## INFORMATION SUPPLIED
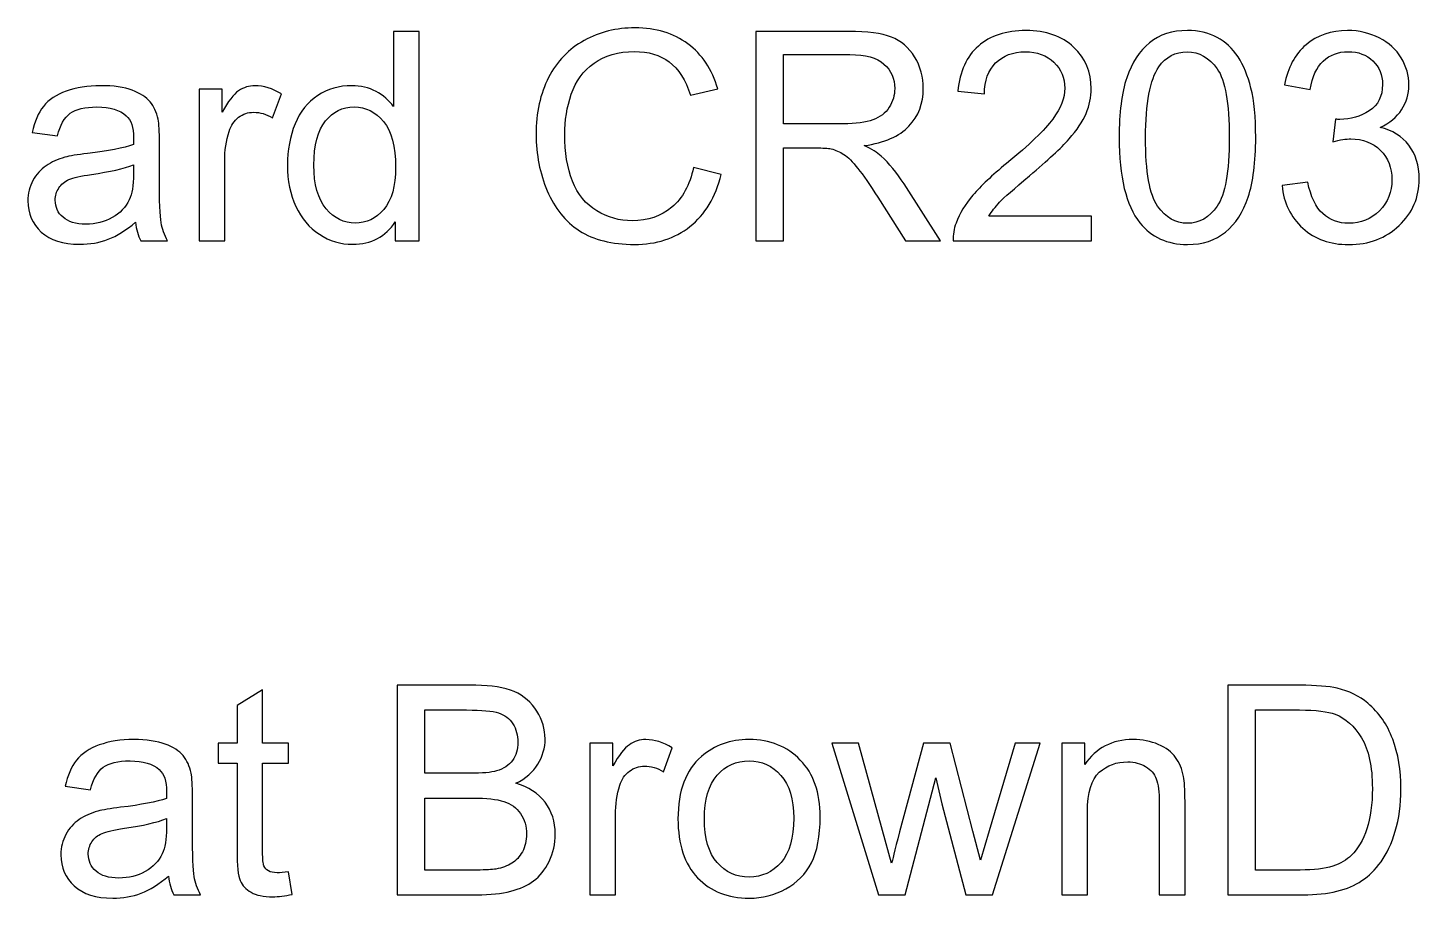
# Model space of a CAD drawing. Header units: centimetres. Extents: x -24.8 to 34.2, y -10 to 25.5.
# Drawn here: x 2.757 to 6.783, y 5.927 to 8.445 of the extents above; entities that cross this region are included whole.
import ezdxf

# ---------------------------------------------------------------- set-up
doc = ezdxf.new("R2010")
doc.units = ezdxf.units.CM
doc.header["$MEASUREMENT"] = 0
doc.layers.add('Layer 1', color=7, linetype='Continuous')

msp = doc.modelspace()

# ---------------------------------------------------------------- linework, layer by layer
at = {"layer": 'Layer 1', "color": 250}
for points, knots in [([(3.82016, 7.82877), (3.82016, 7.82877), (3.82016, 7.88423), (3.82016, 7.88423), (3.82016, 7.88423), (3.79236, 7.84062), (3.75144, 7.81889), (3.69739, 7.81889), (3.69739, 7.81889), (3.6624, 7.81889), (3.63023, 7.82849), (3.60087, 7.84782), (3.60087, 7.84782), (3.57152, 7.86701), (3.54881, 7.89396), (3.53258, 7.92868), (3.53258, 7.92868), (3.51649, 7.96325), (3.50845, 8.0029), (3.50845, 8.04791), (3.50845, 8.04791), (3.50845, 8.09166), (3.51579, 8.13145), (3.53032, 8.16715), (3.53032, 8.16715), (3.545, 8.20285), (3.56687, 8.23023), (3.59608, 8.24914), (3.59608, 8.24914), (3.62529, 8.26819), (3.65802, 8.27778), (3.69415, 8.27778), (3.69415, 8.27778), (3.72054, 8.27778), (3.7441, 8.27214), (3.7647, 8.26099), (3.7647, 8.26099), (3.78545, 8.24984), (3.80224, 8.23531), (3.81522, 8.21739), (3.81522, 8.21739), (3.81522, 8.21739), (3.81522, 8.43484), (3.81522, 8.43484), (3.81522, 8.43484), (3.81522, 8.43484), (3.88916, 8.43484), (3.88916, 8.43484), (3.88916, 8.43484), (3.88916, 8.43484), (3.88916, 7.82877), (3.88916, 7.82877), (3.88916, 7.82877), (3.88916, 7.82877), (3.82016, 7.82877), (3.82016, 7.82877)], [0, 0, 0, 0, 0.0714286, 0.0714286, 0.0714286, 0.0714286, 0.1428571, 0.1428571, 0.1428571, 0.1428571, 0.2142857, 0.2142857, 0.2142857, 0.2142857, 0.2857143, 0.2857143, 0.2857143, 0.2857143, 0.3571429, 0.3571429, 0.3571429, 0.3571429, 0.4285714, 0.4285714, 0.4285714, 0.4285714, 0.5, 0.5, 0.5, 0.5, 0.5714286, 0.5714286, 0.5714286, 0.5714286, 0.6428571, 0.6428571, 0.6428571, 0.6428571, 0.7142857, 0.7142857, 0.7142857, 0.7142857, 0.7857143, 0.7857143, 0.7857143, 0.7857143, 0.8571429, 0.8571429, 0.8571429, 0.8571429, 0.9285714, 0.9285714, 0.9285714, 0.9285714, 1, 1, 1, 1]), ([(4.68332, 8.04128), (4.68332, 8.04128), (4.76362, 8.02096), (4.76362, 8.02096), (4.76362, 8.02096), (4.74682, 7.9552), (4.71649, 7.90497), (4.67288, 7.87026), (4.67288, 7.87026), (4.62914, 7.83568), (4.5758, 7.81847), (4.51258, 7.81847), (4.51258, 7.81847), (4.44725, 7.81847), (4.39419, 7.83173), (4.35327, 7.85826), (4.35327, 7.85826), (4.31235, 7.88493), (4.28116, 7.92345), (4.25985, 7.97383), (4.25985, 7.97383), (4.23855, 8.02435), (4.22782, 8.07853), (4.22782, 8.13639), (4.22782, 8.13639), (4.22782, 8.19947), (4.23982, 8.2545), (4.26395, 8.30149), (4.26395, 8.30149), (4.28808, 8.34848), (4.32237, 8.38418), (4.36696, 8.40859), (4.36696, 8.40859), (4.41141, 8.433), (4.46037, 8.44514), (4.51385, 8.44514), (4.51385, 8.44514), (4.57453, 8.44514), (4.62547, 8.42976), (4.66682, 8.39885), (4.66682, 8.39885), (4.70816, 8.36795), (4.73695, 8.32463), (4.75317, 8.26861), (4.75317, 8.26861), (4.75317, 8.26861), (4.67429, 8.24998), (4.67429, 8.24998), (4.67429, 8.24998), (4.66018, 8.29415), (4.63986, 8.32618), (4.61305, 8.34636), (4.61305, 8.34636), (4.58638, 8.36654), (4.5528, 8.37656), (4.51216, 8.37656), (4.51216, 8.37656), (4.46559, 8.37656), (4.42679, 8.36541), (4.39546, 8.34312), (4.39546, 8.34312), (4.36413, 8.32068), (4.34212, 8.29076), (4.32956, 8.25309), (4.32956, 8.25309), (4.31686, 8.21555), (4.31051, 8.17675), (4.31051, 8.13681), (4.31051, 8.13681), (4.31051, 8.08517), (4.31799, 8.04029), (4.33295, 8.00177), (4.33295, 8.00177), (4.34805, 7.96339), (4.37133, 7.9346), (4.40308, 7.91555), (4.40308, 7.91555), (4.43483, 7.8965), (4.46912, 7.88705), (4.50609, 7.88705), (4.50609, 7.88705), (4.55096, 7.88705), (4.58892, 7.90003), (4.62011, 7.92585), (4.62011, 7.92585), (4.65129, 7.95182), (4.67232, 7.99034), (4.68332, 8.04128)], [0, 0, 0, 0, 0.0454545, 0.0454545, 0.0454545, 0.0454545, 0.0909091, 0.0909091, 0.0909091, 0.0909091, 0.1363636, 0.1363636, 0.1363636, 0.1363636, 0.1818182, 0.1818182, 0.1818182, 0.1818182, 0.2272727, 0.2272727, 0.2272727, 0.2272727, 0.2727273, 0.2727273, 0.2727273, 0.2727273, 0.3181818, 0.3181818, 0.3181818, 0.3181818, 0.3636364, 0.3636364, 0.3636364, 0.3636364, 0.4090909, 0.4090909, 0.4090909, 0.4090909, 0.4545455, 0.4545455, 0.4545455, 0.4545455, 0.5, 0.5, 0.5, 0.5, 0.5454545, 0.5454545, 0.5454545, 0.5454545, 0.5909091, 0.5909091, 0.5909091, 0.5909091, 0.6363636, 0.6363636, 0.6363636, 0.6363636, 0.6818182, 0.6818182, 0.6818182, 0.6818182, 0.7272727, 0.7272727, 0.7272727, 0.7272727, 0.7727273, 0.7727273, 0.7727273, 0.7727273, 0.8181818, 0.8181818, 0.8181818, 0.8181818, 0.8636364, 0.8636364, 0.8636364, 0.8636364, 0.9090909, 0.9090909, 0.9090909, 0.9090909, 0.9545455, 0.9545455, 0.9545455, 0.9545455, 1, 1, 1, 1]), ([(4.86366, 7.82877), (4.86366, 7.82877), (4.86366, 8.43484), (4.86366, 8.43484), (4.86366, 8.43484), (4.86366, 8.43484), (5.13234, 8.43484), (5.13234, 8.43484), (5.13234, 8.43484), (5.18638, 8.43484), (5.22745, 8.42933), (5.25553, 8.41847), (5.25553, 8.41847), (5.28361, 8.4076), (5.30604, 8.38841), (5.32298, 8.3609), (5.32298, 8.3609), (5.33977, 8.33324), (5.34809, 8.30276), (5.34809, 8.26946), (5.34809, 8.26946), (5.34809, 8.22642), (5.33427, 8.19029), (5.30633, 8.1608), (5.30633, 8.1608), (5.27853, 8.13131), (5.23549, 8.11254), (5.17735, 8.1045), (5.17735, 8.1045), (5.19866, 8.09434), (5.21475, 8.08432), (5.22575, 8.0743), (5.22575, 8.0743), (5.24918, 8.05285), (5.27133, 8.0259), (5.29236, 7.99373), (5.29236, 7.99373), (5.29236, 7.99373), (5.39777, 7.82877), (5.39777, 7.82877), (5.39777, 7.82877), (5.39777, 7.82877), (5.29687, 7.82877), (5.29687, 7.82877), (5.29687, 7.82877), (5.29687, 7.82877), (5.21672, 7.95492), (5.21672, 7.95492), (5.21672, 7.95492), (5.1933, 7.99119), (5.17396, 8.01913), (5.15872, 8.03832), (5.15872, 8.03832), (5.14363, 8.05765), (5.13008, 8.0712), (5.11809, 8.07882), (5.11809, 8.07882), (5.10609, 8.08658), (5.09396, 8.09194), (5.08154, 8.09504), (5.08154, 8.09504), (5.07237, 8.09688), (5.05755, 8.09787), (5.03681, 8.09787), (5.03681, 8.09787), (5.03681, 8.09787), (4.94381, 8.09787), (4.94381, 8.09787), (4.94381, 8.09787), (4.94381, 8.09787), (4.94381, 7.82877), (4.94381, 7.82877), (4.94381, 7.82877), (4.94381, 7.82877), (4.86366, 7.82877), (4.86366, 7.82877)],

## TASK STATEMENT
Pull every line holding "ezdxf" out of the records.

## EXERCISE ANSWER
import ezdxf
doc = ezdxf.new("R2010")
doc.units = ezdxf.units.CM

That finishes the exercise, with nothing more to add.